Did OK on the “write a script to identify users whose home dir is not /home/$user and move their directories”… I went for the rewriting /etc/passwd and forgot about nis/ldap users but mostly I showed good understanding of perl and regex.
I believe I did well on describing what happens when you’re tailing a logfile and the file is moved, and what to do.
I correctly described the difference between hard links and soft links. I messed up on “what’s in an inode vs. whats in a dir entry” but corrected myself with a little prompting.
Lunch break. Google cafe rocks. I had braised ox tail and dry-braised string beans.
Third session, one hour, hiring manager only:
Mgr asked me “why do you like being a sysadmin” (A: I enjoy problem solving, among other things). Mgr also asked me to come up with a process for upgrading the kernel on 10,000 machines, I believe I did well on that. I started off describing a complete system upgrade via kickstart, but then with a little prompting also described installing kernel RPMs while the system is still running and then doing controlled reboots.
He then showed a network diagram and asked me to walk through troubleshooting steps in the case of a certain user complaining that access to his mailserver is slow. I asked mostly the right troubleshooting questions, though I assumed perhaps incorrectly that it wasn’t due to congestion/maxing out the link because no packet loss was observed, only high latency. My assumption was that it wasn’t due to maxing out the link, because if you max out the link, even if you are able to buffer a second or two of traffic at the router, eventually the buffer would get full and have to drop something. Eventually I walked through enough “virtual troubleshooting” to determine that the link was running close to capacity since 2am according to MRTG and reporting on the flows showed most of the traffic on TCP port 3389, which I didn’t immediately see the significance of, but suggested to track down the two machines involved in the heavy conversation and netstat -ap to see what was listening on that port.
I asked Mgr how big the team is, how is it structured, and how many levels of management between sysadmins and the CEO.
I kept some notes from when I had a phone interview (about a month before). This was one person, one hour.

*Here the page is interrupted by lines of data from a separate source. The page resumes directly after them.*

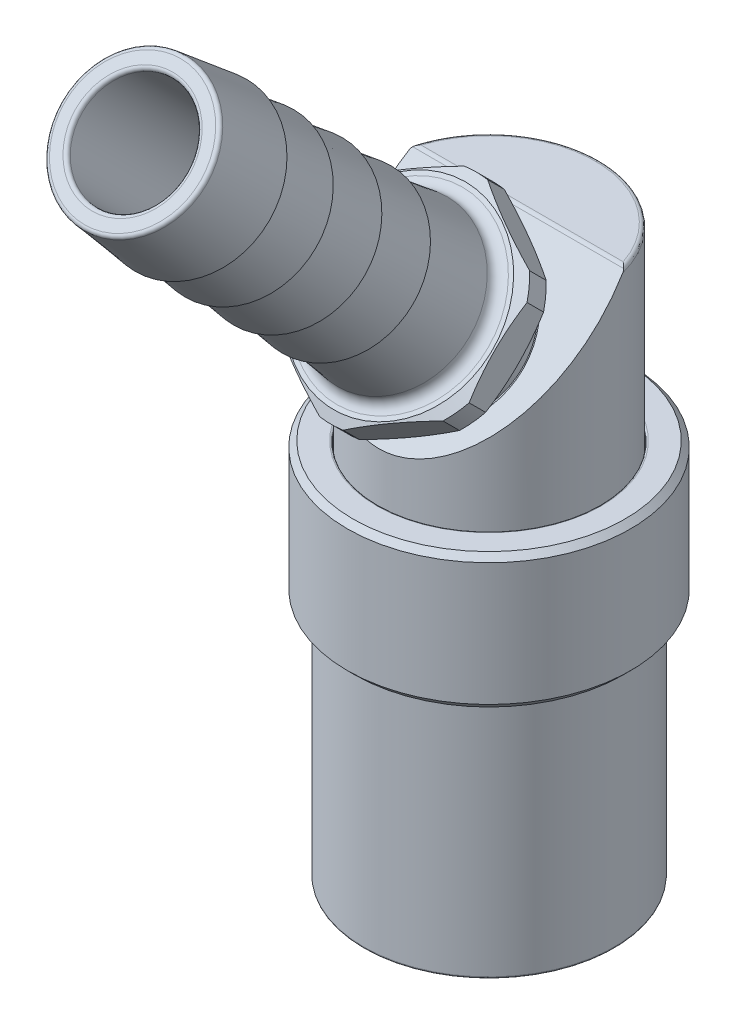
ISO-10303-21;
HEADER;
FILE_DESCRIPTION(('STEP AP214'),'2;1');
FILE_NAME('part.step','',(''),(''),'','','');
FILE_SCHEMA(('AUTOMOTIVE_DESIGN { 1 0 10303 214 1 1 1 1 }'));
ENDSEC;
DATA;
#1=APPLICATION_CONTEXT('core data for automotive mechanical design processes');
#2=APPLICATION_PROTOCOL_DEFINITION('international standard','automotive_design',2000,#1);
#3=PRODUCT_CONTEXT('',#1,'mechanical');
#4=PRODUCT('Part','Part','',(#3));
#5=PRODUCT_RELATED_PRODUCT_CATEGORY('part','',(#4));
#6=PRODUCT_DEFINITION_FORMATION('','',#4);
#7=PRODUCT_DEFINITION_CONTEXT('part definition',#1,'design');
#8=PRODUCT_DEFINITION('design','',#6,#7);
#9=PRODUCT_DEFINITION_SHAPE('','',#8);
#10=(LENGTH_UNIT() NAMED_UNIT(*) SI_UNIT(.MILLI.,.METRE.));
#11=(NAMED_UNIT(*) PLANE_ANGLE_UNIT() SI_UNIT($,.RADIAN.));
#12=(NAMED_UNIT(*) SI_UNIT($,.STERADIAN.) SOLID_ANGLE_UNIT());
#13=UNCERTAINTY_MEASURE_WITH_UNIT(LENGTH_MEASURE(1.E-05),#10,'distance_accuracy_value','');
#14=(GEOMETRIC_REPRESENTATION_CONTEXT(3) GLOBAL_UNCERTAINTY_ASSIGNED_CONTEXT((#13)) GLOBAL_UNIT_ASSIGNED_CONTEXT((#10,
#11,#12)) REPRESENTATION_CONTEXT('',''));
#15=CARTESIAN_POINT('',(0.,0.,0.));
#16=DIRECTION('',(0.,0.,1.));
#17=DIRECTION('',(1.,0.,0.));
#18=AXIS2_PLACEMENT_3D('',#15,#16,#17);
#19=CARTESIAN_POINT('',(0.,30.2808121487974,-0.544690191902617));
#20=DIRECTION('',(0.,-0.707106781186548,-0.707106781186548));
#21=DIRECTION('',(0.,0.707106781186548,-0.707106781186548));
#22=AXIS2_PLACEMENT_3D('',#19,#20,#21);
#23=TOROIDAL_SURFACE('',#22,3.8227,0.254);
#24=CARTESIAN_POINT('',(0.,30.2808121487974,-0.544690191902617));
#25=DIRECTION('',(0.,0.707106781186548,0.707106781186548));
#26=DIRECTION('',(0.,-0.707106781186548,0.707106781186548));
#27=AXIS2_PLACEMENT_3D('',#24,#25,#26);
#28=CIRCLE('',#27,3.5687);
#29=CARTESIAN_POINT('',(0.,32.8042641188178,-3.06814216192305));
#30=VERTEX_POINT('',#29);
#31=CARTESIAN_POINT('',(0.,27.7573601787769,1.97876177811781));
#32=VERTEX_POINT('',#31);
#33=EDGE_CURVE('P0_E11',#30,#32,#28,.T.);
#34=ORIENTED_EDGE('',*,*,#33,.T.);
#35=CARTESIAN_POINT('',(0.,27.5777550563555,2.1583669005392));
#36=DIRECTION('',(-1.,0.,0.));
#37=DIRECTION('',(0.,-0.707106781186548,0.707106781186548));
#38=AXIS2_PLACEMENT_3D('',#35,#36,#37);
#39=CIRCLE('',#38,0.254);
#40=CARTESIAN_POINT('',(0.,27.3981499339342,1.97876177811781));
#41=VERTEX_POINT('',#40);
#42=EDGE_CURVE('P0_E27',#32,#41,#39,.T.);
#43=ORIENTED_EDGE('',*,*,#42,.T.);
#44=CARTESIAN_POINT('',(0.,30.101207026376,-0.724295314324));
#45=DIRECTION('',(0.,-0.707106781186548,-0.707106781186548));
#46=DIRECTION('',(0.,-0.707106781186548,0.707106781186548));
#47=AXIS2_PLACEMENT_3D('',#44,#45,#46);
#48=CIRCLE('',#47,3.8227);
#49=CARTESIAN_POINT('',(0.,32.8042641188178,-3.42735240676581));
#50=VERTEX_POINT('',#49);
#51=EDGE_CURVE('P0_E423',#41,#50,#48,.T.);
#52=ORIENTED_EDGE('',*,*,#51,.T.);
#53=CARTESIAN_POINT('',(0.,30.101207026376,-0.724295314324));
#54=DIRECTION('',(0.,-0.707106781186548,-0.707106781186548));
#55=DIRECTION('',(0.,-0.707106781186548,0.707106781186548));
#56=AXIS2_PLACEMENT_3D('',#53,#54,#55);
#57=CIRCLE('',#56,3.8227);
#58=EDGE_CURVE('P0_E426',#50,#41,#57,.T.);
#59=ORIENTED_EDGE('',*,*,#58,.T.);
#60=ORIENTED_EDGE('',*,*,#42,.F.);
#61=CARTESIAN_POINT('',(0.,30.2808121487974,-0.544690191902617));
#62=DIRECTION('',(0.,0.707106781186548,0.707106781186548));
#63=DIRECTION('',(0.,-0.707106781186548,0.707106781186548));
#64=AXIS2_PLACEMENT_3D('',#61,#62,#63);
#65=CIRCLE('',#64,3.5687);
#66=EDGE_CURVE('P0_E41',#32,#30,#65,.T.);
#67=ORIENTED_EDGE('',*,*,#66,.T.);
#68=EDGE_LOOP('',(#34,#43,#52,#59,#60,#67));
#69=FACE_BOUND('',#68,.T.);
#70=ADVANCED_FACE('P0_F16',(#69),#23,.T.);
#71=CARTESIAN_POINT('',(0.,42.4490591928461,11.6235568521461));
#72=DIRECTION('',(0.,-0.707106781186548,-0.707106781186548));
#73=DIRECTION('',(0.,0.707106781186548,-0.707106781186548));
#74=AXIS2_PLACEMENT_3D('',#71,#72,#73);
#75=CYLINDRICAL_SURFACE('',#74,3.5687);
#76=ORIENTED_EDGE('',*,*,#33,.F.);
#77=ORIENTED_EDGE('',*,*,#66,.F.);
#78=DIRECTION('',(0.,0.707106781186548,0.707106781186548));
#79=VECTOR('',#78,1.);
#80=CARTESIAN_POINT('',(0.,39.9256072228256,14.1470088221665));
#81=LINE('',#80,#79);
#82=CARTESIAN_POINT('',(0.,52.0938542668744,26.3152558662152));
#83=VERTEX_POINT('',#82);
#84=EDGE_CURVE('P0_E508',#32,#83,#81,.T.);
#85=ORIENTED_EDGE('',*,*,#84,.T.);
#86=CARTESIAN_POINT('',(0.,54.6173062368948,23.7918038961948));
#87=DIRECTION('',(0.,-0.707106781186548,-0.707106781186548));
#88=DIRECTION('',(0.,-0.707106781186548,0.707106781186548));
#89=AXIS2_PLACEMENT_3D('',#86,#87,#88);
#90=CIRCLE('',#89,3.5687);
#91=CARTESIAN_POINT('',(0.,57.1407582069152,21.2683519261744));
#92=VERTEX_POINT('',#91);
#93=EDGE_CURVE('P0_E667',#92,#83,#90,.T.);
#94=ORIENTED_EDGE('',*,*,#93,.F.);
#95=CARTESIAN_POINT('',(0.,54.6173062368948,23.7918038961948));
#96=DIRECTION('',(0.,-0.707106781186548,-0.707106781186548));
#97=DIRECTION('',(0.,-0.707106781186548,0.707106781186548));
#98=AXIS2_PLACEMENT_3D('',#95,#96,#97);
#99=CIRCLE('',#98,3.5687);
#100=EDGE_CURVE('P0_E671',#83,#92,#99,.T.);
#101=ORIENTED_EDGE('',*,*,#100,.F.);
#102=ORIENTED_EDGE('',*,*,#84,.F.);
#103=EDGE_LOOP('',(#76,#77,#85,#94,#101,#102));
#104=FACE_BOUND('',#103,.T.);
#105=ADVANCED_FACE('P0_F779',(#104),#75,.F.);
#106=CARTESIAN_POINT('',(0.,32.6246589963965,-3.24774728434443));
#107=DIRECTION('',(0.,-0.707106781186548,-0.707106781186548));
#108=DIRECTION('',(0.,0.707106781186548,-0.707106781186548));
#109=AXIS2_PLACEMENT_3D('',#106,#107,#108);
#110=PLANE('',#109);
#111=CARTESIAN_POINT('',(0.,30.101207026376,-0.724295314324));
#112=DIRECTION('',(0.,0.707106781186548,0.707106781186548));
#113=DIRECTION('',(0.,-0.707106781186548,0.707106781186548));
#114=AXIS2_PLACEMENT_3D('',#111,#112,#113);
#115=CIRCLE('',#114,3.937);
#116=CARTESIAN_POINT('',(0.,32.8850864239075,-3.50817471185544));
#117=VERTEX_POINT('',#116);
#118=EDGE_CURVE('P0_E368',#117,#117,#115,.T.);
#119=ORIENTED_EDGE('',*,*,#118,.F.);
#120=EDGE_LOOP('',(#119));
#121=FACE_BOUND('',#120,.T.);
#122=ORIENTED_EDGE('',*,*,#58,.F.);
#123=ORIENTED_EDGE('',*,*,#51,.F.);
#124=EDGE_LOOP('',(#122,#123));
#125=FACE_BOUND('',#124,.T.);
#126=ADVANCED_FACE('P0_F785',(#121,#125),#110,.T.);
#127=CARTESIAN_POINT('',(0.,54.6173062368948,23.7918038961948));
#128=DIRECTION('',(0.,-0.707106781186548,-0.707106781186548));
#129=DIRECTION('',(0.,0.707106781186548,-0.707106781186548));
#130=AXIS2_PLACEMENT_3D('',#127,#128,#129);
#131=TOROIDAL_SURFACE('',#130,4.56600965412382,0.254);
#132=CARTESIAN_POINT('',(0.,54.6329598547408,23.8074575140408));
#133=DIRECTION('',(0.,0.707106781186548,0.707106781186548));
#134=DIRECTION('',(0.,-0.707106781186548,0.707106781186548));
#135=AXIS2_PLACEMENT_3D('',#132,#133,#134);
#136=CIRCLE('',#135,4.81904310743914);
#137=CARTESIAN_POINT('',(0.,58.0405379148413,20.3998794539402));
#138=VERTEX_POINT('',#137);
#139=CARTESIAN_POINT('',(0.,51.2253817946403,27.2150355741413));
#140=VERTEX_POINT('',#139);
#141=EDGE_CURVE('P0_E469',#138,#140,#136,.T.);
#142=ORIENTED_EDGE('',*,*,#141,.T.);
#143=CARTESIAN_POINT('',(0.,51.3886498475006,27.020460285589));
#144=DIRECTION('',(-1.,0.,0.));
#145=DIRECTION('',(0.,-0.707106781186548,0.707106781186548));
#146=AXIS2_PLACEMENT_3D('',#143,#144,#145);
#147=CIRCLE('',#146,0.254);
#148=CARTESIAN_POINT('',(0.,51.568254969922,27.2000654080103));
#149=VERTEX_POINT('',#148);
#150=EDGE_CURVE('P0_E361',#140,#149,#147,.T.);
#151=ORIENTED_EDGE('',*,*,#150,.T.);
#152=CARTESIAN_POINT('',(0.,54.7969113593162,23.9714090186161));
#153=DIRECTION('',(0.,-0.707106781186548,-0.707106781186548));
#154=DIRECTION('',(0.,-0.707106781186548,0.707106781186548));
#155=AXIS2_PLACEMENT_3D('',#152,#153,#154);
#156=CIRCLE('',#155,4.56600965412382);
#157=CARTESIAN_POINT('',(0.,58.0255677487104,20.7427526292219));
#158=VERTEX_POINT('',#157);
#159=EDGE_CURVE('P0_E358',#149,#158,#156,.T.);
#160=ORIENTED_EDGE('',*,*,#159,.T.);
#161=CARTESIAN_POINT('',(0.,54.7969113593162,23.9714090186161));
#162=DIRECTION('',(0.,-0.707106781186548,-0.707106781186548));
#163=DIRECTION('',(0.,-0.707106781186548,0.707106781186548));
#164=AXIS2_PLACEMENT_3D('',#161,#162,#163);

I think I did well there too. He asked me about the difference in quoting styles in shell and/or perl, and to describe how I would write a script to parse /etc/passwd to get a list of users. He asked for a simple command to transform comma-separated files into tab-separated, I said “sed -e ‘s/,//'” where “” is literal ^I or ^V^I depending on the shell.
He asked how I would delete a file named “-f” and I gave a bunch of alternatives, eventually coming to the one he was looking for. He asked for a description of how to compile a linux kernel, I think I did OK on that one, and also to describe what LILO actually does in detail.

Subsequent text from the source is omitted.